Was können Angehörige tun?

Angehörige dürfen zeitweise darauf achten, dass die Medikamente regelmäßig eingenommen und Arzt- oder Therapietermine pünktlich wahrgenommen werden. Wenn der Erkrankte aufgeben will, können sie ihn zur Fortsetzung der Therapie ermuntern. Gleichgültig wie verschlossen, abweisend, klagend der Betroffene auch sein mag, er nimmt trotzdem sehr genau wahr, wie sich sein Gegenüber verhält, etwa ob dieser ihm zugewandt ist. Vor allem in der Zeit, bevor die Erkrankung erkannt wird, reagieren Freunde und Angehörige auf das abweisende Verhalten immer wieder verärgert, mit der Folge, dass der depressiv Erkrankte sich noch mehr zurückzieht. Er weiß sehr wohl, dass er für die Umgebung eine Belastung darstellt. Typischerweise hat der depressiv erkrankte Mensch nur einen schlechten Zugang zu seinen Gefühlen. So kann er seinen Dank nicht ausdrücken. Er kann krankheitsbedingt auf liebevolle Zuwendung nicht angemessen reagieren. Dies ist keine gezielt persönliche Missachtung des Helfenden. Er leidet selbst unter der Unfähigkeit, die eigenen Gefühle auszudrücken.
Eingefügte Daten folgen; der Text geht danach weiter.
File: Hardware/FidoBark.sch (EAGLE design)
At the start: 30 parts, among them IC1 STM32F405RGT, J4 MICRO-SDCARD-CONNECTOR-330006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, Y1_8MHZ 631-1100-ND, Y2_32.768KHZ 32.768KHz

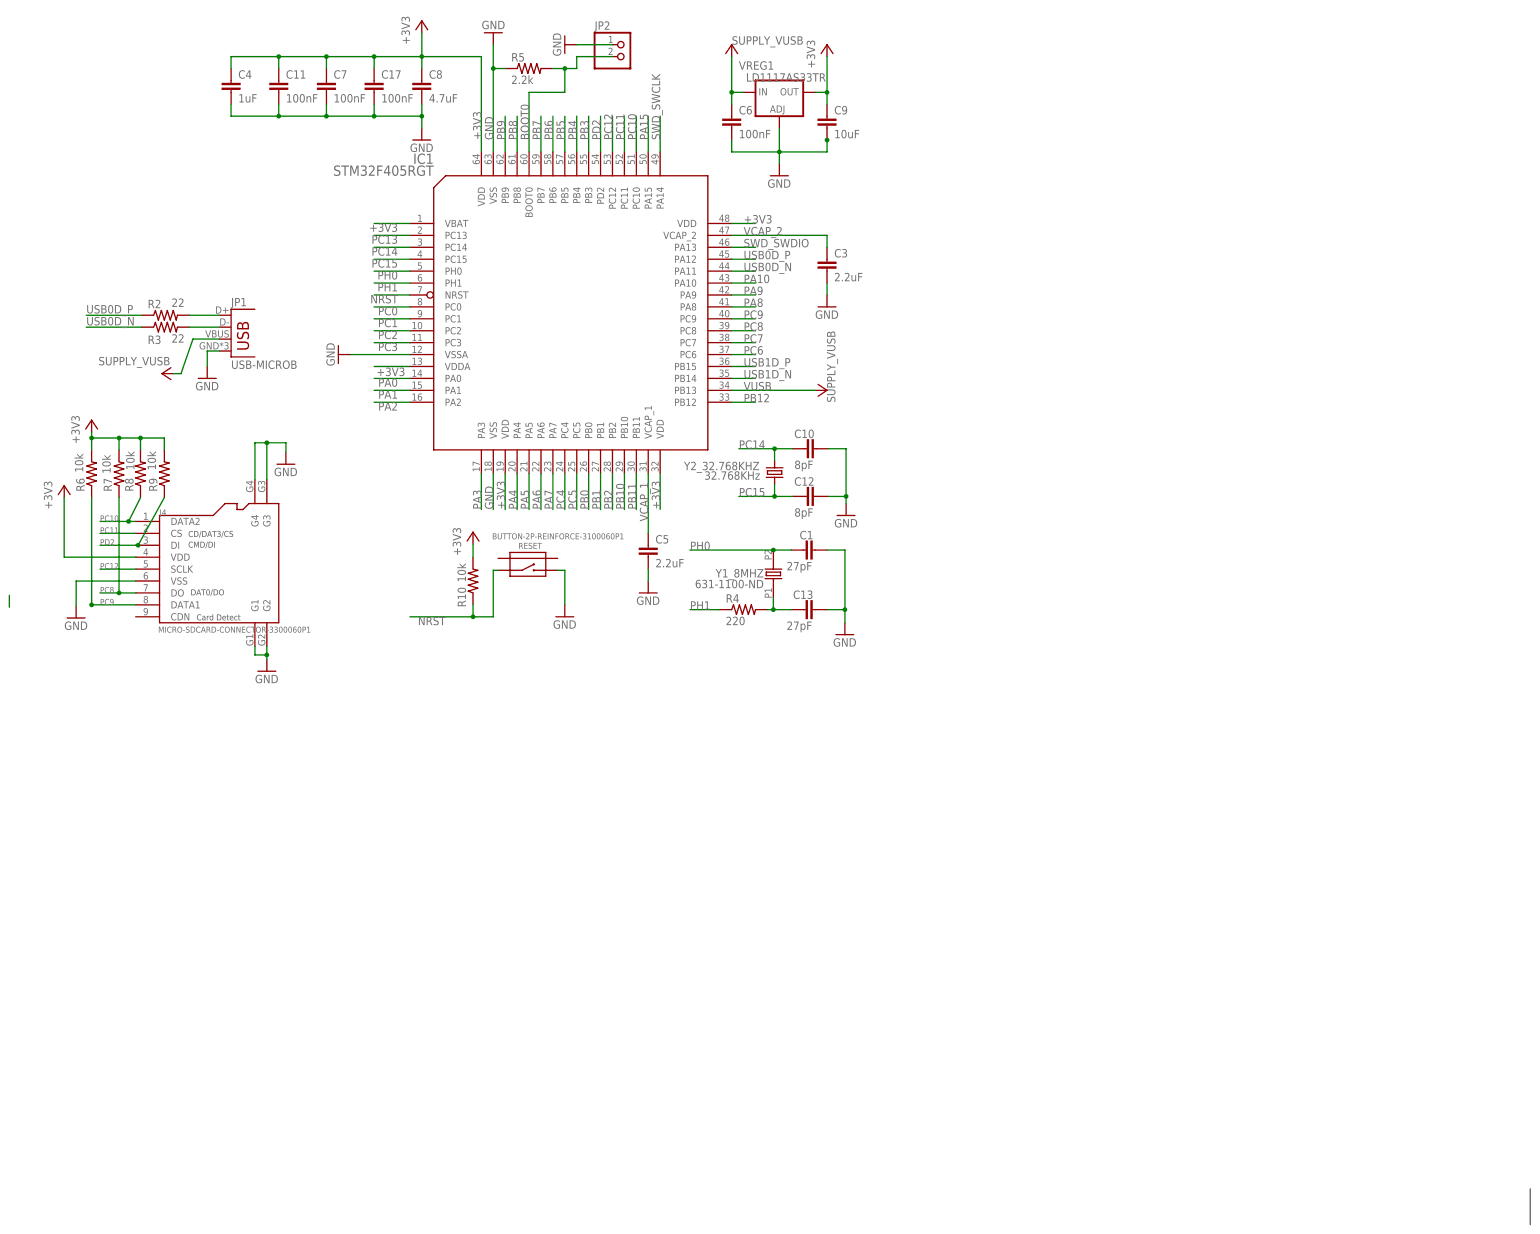
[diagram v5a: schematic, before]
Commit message: teensy and SD card
trying a faster route
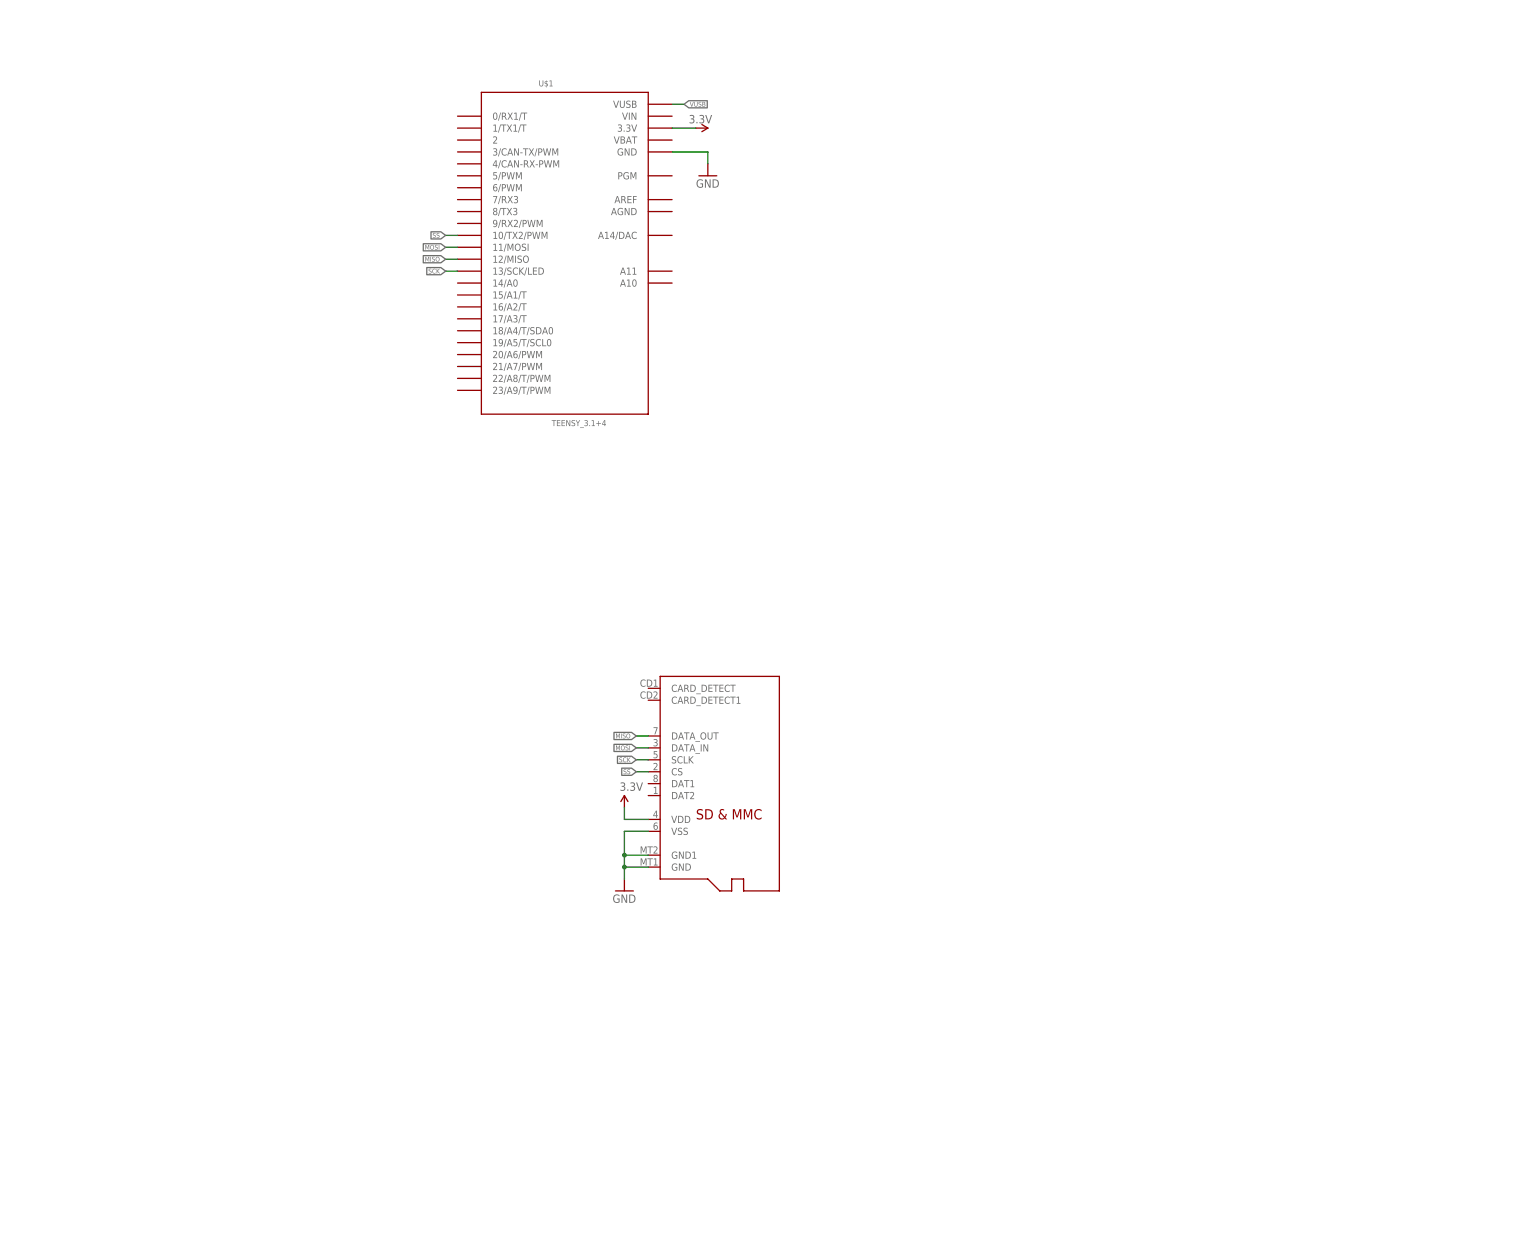
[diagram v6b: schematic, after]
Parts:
- removed C1, C13: 27pF, rcl:C-EUC0603
- removed C10, C12: 8pF, rcl:C-EUC0603
- removed C11, C17, C6, C7: 100nF, rcl:C-EUC0603
- removed C3, C5: 2.2uF, rcl:C-EUC0603
- removed C4: 1uF, rcl:C-EUC0603
- removed C8: 4.7uF, rcl:C-EUC0603
- removed C9: 10uF, rcl:C-EUC0603
- removed IC1: STM32F405RGT, 0ben:STM32F405RGT
- removed J4: MICRO-SDCARD-CONNECTOR-3300060P1, OPL:MICRO-SDCARD-CONNECTOR-3300060P1
- removed JP1: USB-MICROB, SparkFun-Connectors:USB-MICROB
- removed JP2: (no value), pinhead:PINHD-1X2
- removed R10, R6, R7, R8, R9: 10k, rcl:R-US_R0603
- removed R2, R3: 22, rcl:R-US_R0603
- removed R4: 220, rcl:R-US_R0603
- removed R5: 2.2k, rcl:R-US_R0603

Einen Menschen durch die Depression hindurch zu begleiten kostet viel Kraft. Die Grenze der Belastbarkeit ist erreicht, wenn die eigenen Kräfte drohen zu Ende zu gehen. Wir dürfen als Partner oder Helfer nicht alle unsere Bedürfnisse völlig zurückstellen. Deshalb sollten Helfer immer auch noch ihre eigenen Interessen und Hobbys betreiben. Keinem Kranken ist geholfen, wenn die Helfer sich überfordern und irgendwann selbst zusammenbrechen. Als Begleiter sollten wir rechtzeitig die für uns nötige Hilfe anfordern. Nur wer sich auch selbst noch einen Ausgleich gönnt, sich Auszeiten nimmt und Kontakte nach draußen pflegt, wird die Zeit, Kraft und Ausdauer aufbringen, die zu einer längerfristigen Begleitung des depressiv Erkrankten nötig ist.